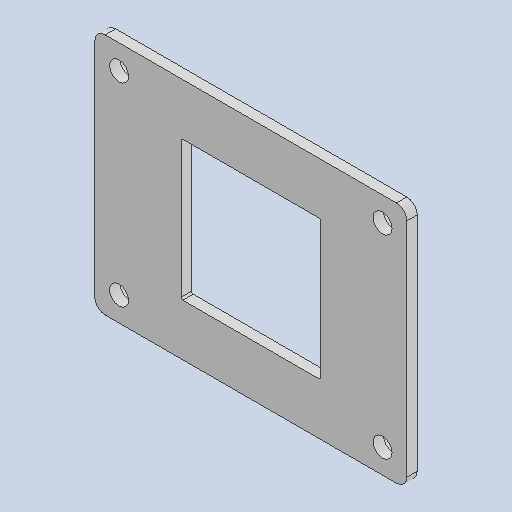
# Autodesk Inventor part: NDV-3001 Branch flange 01
Saved by Autodesk Inventor 2026.2 (Build 302298000, 298)
## iProperties
Created: 2026-10-05
Part Number: NDV-3001 Branch flange 01
Material: Generic
Document SubType Name: Sheet Metal
Designer: admin
Density: 1 g/cm^3
Sheet Metal Rule: Default_mm
Appearance: Default
Stock Number: Фланец луча
Flat Pattern Width: 7 cm
Flat Pattern Length: 9 cm
Flat Pattern Area: 63 cm^2
Sheet Metal Width: 70,000 mm
Sheet Metal Length: 90,000 mm
Sheet Metal Area: 6300,000 mm^2
Author: admin
Autodesk Inventor part; units mm, degrees
ref_plane "YZ Plane" through (0, 0, 0) normal (1, 0, 0) x (0, 1, 0)
ref_plane "XZ Plane" through (0, 0, 0) normal (0, 1, 0) x (-1, 0, 0)
ref_plane "XY Plane" through (0, 0, 0) normal (0, 0, 1) x (1, 0, 0)
derived "NDV-0010 Parameters 01.ipt"
sketch "sk_flange" plane through (0, 0, 0) normal (0, 0, 1) x (1, 0, 0)
  line L0 (-45, -35) -> (45, -35)
  line L1 (45, -35) -> (45, 35)
  line L2 (45, 35) -> (-45, 35)
  line L3 (-45, 35) -> (-45, -35)
  line L4 (-45, -35) -> (45, 35) construction
  line L5 (45, -35) -> (-45, 35) construction
  line L6 (-20.1, -20.1) -> (20.1, -20.1)
  line L7 (20.1, -20.1) -> (20.1, 20.1)
  line L8 (20.1, 20.1) -> (-20.1, 20.1)
  line L9 (-20.1, 20.1) -> (-20.1, -20.1)
  line L10 (-20.1, -20.1) -> (20.1, 20.1) construction
  line L11 (20.1, -20.1) -> (-20.1, 20.1) construction
  circle A0 centre (38, 28) radius 2.75
  circle A1 centre (38, -28) radius 2.75
  circle A2 centre (-38, 28) radius 2.75
  circle A3 centre (-38, -28) radius 2.75
  point P0 (0, 0)
  dimension "d1" = 90
  dimension "d2" = 70
  dimension "d3" = 40.2
  dimension "d4" = 40.2
  dimension "d5" = 5.5
  dimension "d6" = 38
  dimension "d7" = 28
  dimension "d8" = 5.5
  dimension "d9" = 38
  dimension "d10" = 28
  dimension "d11" = 5.5
  dimension "d12" = 38
  dimension "d13" = 28
  dimension "d14" = 5.5
  dimension "d15" = 38
  dimension "d16" = 28
  measures "d1" distance of L0.start L0.end
  measures "d2" distance of L0.end L1.end
  measures "d3" distance of L6.start L6.end
  measures "d4" distance of L6.end L7.end
  measures "d5" diameter of A0
  measures "d6" horizontal distance of point (0, 0) A0.centre
  measures "d7" vertical distance of point (0, 0) A0.centre
  measures "d8" diameter of A1
  measures "d9" horizontal distance of point (0, 0) A1.centre
  measures "d10" vertical distance of point (0, 0) A1.centre
  measures "d11" diameter of A2
  measures "d12" horizontal distance of point (0, 0) A2.centre
  measures "d13" vertical distance of point (0, 0) A2.centre
  measures "d14" diameter of A3
  measures "d15" horizontal distance of point (0, 0) A3.centre
  measures "d16" vertical distance of point (0, 0) A3.centre
extrude "Plate1" add sketch "sk_flange" along normal blind 3
fillet "Corner Round1" radius 3 4 edges at (-45, 35, 1.5) (-45, -35, 1.5) (45, 35, 1.5) (45, -35, 1.5)
fillet "Corner Round2" radius 0.5 4 edges at (-20.1, -20.1, 1.5) (-20.1, 20.1, 1.5) (20.1, 20.1, 1.5) (20.1, -20.1, 1.5)
equation "\"d1\" = Flange_W"
equation "\"d2\" = Flange_H"
equation "\"d3\" = Flange_hole"
equation "\"d4\" = Flange_hole"
equation "\"d5\" = Rivet_hole"
equation "\"d6\" = 0.5 * Flange_pitch_h"
equation "\"d7\" = 0.5 * Flange_pitch_v"
equation "\"d8\" = Rivet_hole"
equation "\"d9\" = 0.5 * Flange_pitch_h"
equation "\"d10\" = 0.5 * Flange_pitch_v"
equation "\"d11\" = Rivet_hole"
equation "\"d12\" = 0.5 * Flange_pitch_h"
equation "\"d13\" = 0.5 * Flange_pitch_v"
equation "\"d14\" = Rivet_hole"
equation "\"d15\" = 0.5 * Flange_pitch_h"
equation "\"d16\" = 0.5 * Flange_pitch_v"
equation "\"d18\" = Flange_corner_R"
equation "\"d19\" = Flange_hole_corner_R"
equation "\"d17\" = Thickness"
equation "\"Thickness\" = Flange_thickness"
equation "\"BendRadius\" = Thickness"
equation "\"BendReliefWidth\" = Thickness"
equation "\"BendReliefDepth\" = 0.5 * Thickness"
equation "\"CornerReliefSize\" = 4 * Thickness"
equation "\"MinimumRemnant\" = 2 * Thickness"
equation "\"TransitionRadius\" = BendRadius"
equation "\"JacobiRadiusSize\" = BendRadius"
equation "\"GapSize\" = Thickness"
equation "\"Flange_W\" = 90"
equation "\"Flange_H\" = 70"
equation "\"Flange_hole\" = 40.2"
equation "\"Rivet_hole\" = 5.5"
equation "\"Flange_corner_R\" = 3"
equation "\"Flange_hole_corner_R\" = 0.5"
equation "\"Flange_thickness\" = 3"
equation "\"Flange_pitch_h\" = 76"
equation "\"Flange_pitch_v\" = 56"
body "Solid1"

______

## What to do
Since the copy must exclude the pictures, transcribe only the text of the records, word for word.

## Solution to this task
# Autodesk Inventor part: NDV-3001 Branch flange 01
Saved by Autodesk Inventor 2026.2 (Build 302298000, 298)
## iProperties
Created: 2026-10-05
Part Number: NDV-3001 Branch flange 01
Material: Generic
Document SubType Name: Sheet Metal
Designer: admin
Density: 1 g/cm^3
Sheet Metal Rule: Default_mm
Appearance: Default
Stock Number: Фланец луча
Flat Pattern Width: 7 cm
Flat Pattern Length: 9 cm
Flat Pattern Area: 63 cm^2
Sheet Metal Width: 70,000 mm
Sheet Metal Length: 90,000 mm
Sheet Metal Area: 6300,000 mm^2
Author: admin
Autodesk Inventor part; units mm, degrees
ref_plane "YZ Plane" through (0, 0, 0) normal (1, 0, 0) x (0, 1, 0)
ref_plane "XZ Plane" through (0, 0, 0) normal (0, 1, 0) x (-1, 0, 0)
ref_plane "XY Plane" through (0, 0, 0) normal (0, 0, 1) x (1, 0, 0)
derived "NDV-0010 Parameters 01.ipt"
sketch "sk_flange" plane through (0, 0, 0) normal (0, 0, 1) x (1, 0, 0)
  line L0 (-45, -35) -> (45, -35)
  line L1 (45, -35) -> (45, 35)
  line L2 (45, 35) -> (-45, 35)
  line L3 (-45, 35) -> (-45, -35)
  line L4 (-45, -35) -> (45, 35) construction
  line L5 (45, -35) -> (-45, 35) construction
  line L6 (-20.1, -20.1) -> (20.1, -20.1)
  line L7 (20.1, -20.1) -> (20.1, 20.1)
  line L8 (20.1, 20.1) -> (-20.1, 20.1)
  line L9 (-20.1, 20.1) -> (-20.1, -20.1)
  line L10 (-20.1, -20.1) -> (20.1, 20.1) construction
  line L11 (20.1, -20.1) -> (-20.1, 20.1) construction
  circle A0 centre (38, 28) radius 2.75
  circle A1 centre (38, -28) radius 2.75
  circle A2 centre (-38, 28) radius 2.75
  circle A3 centre (-38, -28) radius 2.75
  point P0 (0, 0)
  dimension "d1" = 90
  dimension "d2" = 70
  dimension "d3" = 40.2
  dimension "d4" = 40.2
  dimension "d5" = 5.5
  dimension "d6" = 38
  dimension "d7" = 28
  dimension "d8" = 5.5
  dimension "d9" = 38
  dimension "d10" = 28
  dimension "d11" = 5.5
  dimension "d12" = 38
  dimension "d13" = 28
  dimension "d14" = 5.5
  dimension "d15" = 38
  dimension "d16" = 28
  measures "d1" distance of L0.start L0.end
  measures "d2" distance of L0.end L1.end
  measures "d3" distance of L6.start L6.end
  measures "d4" distance of L6.end L7.end
  measures "d5" diameter of A0
  measures "d6" horizontal distance of point (0, 0) A0.centre
  measures "d7" vertical distance of point (0, 0) A0.centre
  measures "d8" diameter of A1
  measures "d9" horizontal distance of point (0, 0) A1.centre
  measures "d10" vertical distance of point (0, 0) A1.centre
  measures "d11" diameter of A2
  measures "d12" horizontal distance of point (0, 0) A2.centre
  measures "d13" vertical distance of point (0, 0) A2.centre
  measures "d14" diameter of A3
  measures "d15" horizontal distance of point (0, 0) A3.centre
  measures "d16" vertical distance of point (0, 0) A3.centre
extrude "Plate1" add sketch "sk_flange" along normal blind 3
fillet "Corner Round1" radius 3 4 edges at (-45, 35, 1.5) (-45, -35, 1.5) (45, 35, 1.5) (45, -35, 1.5)
fillet "Corner Round2" radius 0.5 4 edges at (-20.1, -20.1, 1.5) (-20.1, 20.1, 1.5) (20.1, 20.1, 1.5) (20.1, -20.1, 1.5)
equation "\"d1\" = Flange_W"
equation "\"d2\" = Flange_H"
equation "\"d3\" = Flange_hole"
equation "\"d4\" = Flange_hole"
equation "\"d5\" = Rivet_hole"
equation "\"d6\" = 0.5 * Flange_pitch_h"
equation "\"d7\" = 0.5 * Flange_pitch_v"
equation "\"d8\" = Rivet_hole"
equation "\"d9\" = 0.5 * Flange_pitch_h"
equation "\"d10\" = 0.5 * Flange_pitch_v"
equation "\"d11\" = Rivet_hole"
equation "\"d12\" = 0.5 * Flange_pitch_h"
equation "\"d13\" = 0.5 * Flange_pitch_v"
equation "\"d14\" = Rivet_hole"
equation "\"d15\" = 0.5 * Flange_pitch_h"
equation "\"d16\" = 0.5 * Flange_pitch_v"
equation "\"d18\" = Flange_corner_R"
equation "\"d19\" = Flange_hole_corner_R"
equation "\"d17\" = Thickness"
equation "\"Thickness\" = Flange_thickness"
equation "\"BendRadius\" = Thickness"
equation "\"BendReliefWidth\" = Thickness"
equation "\"BendReliefDepth\" = 0.5 * Thickness"
equation "\"CornerReliefSize\" = 4 * Thickness"
equation "\"MinimumRemnant\" = 2 * Thickness"
equation "\"TransitionRadius\" = BendRadius"
equation "\"JacobiRadiusSize\" = BendRadius"
equation "\"GapSize\" = Thickness"
equation "\"Flange_W\" = 90"
equation "\"Flange_H\" = 70"
equation "\"Flange_hole\" = 40.2"
equation "\"Rivet_hole\" = 5.5"
equation "\"Flange_corner_R\" = 3"
equation "\"Flange_hole_corner_R\" = 0.5"
equation "\"Flange_thickness\" = 3"
equation "\"Flange_pitch_h\" = 76"
equation "\"Flange_pitch_v\" = 56"
body "Solid1"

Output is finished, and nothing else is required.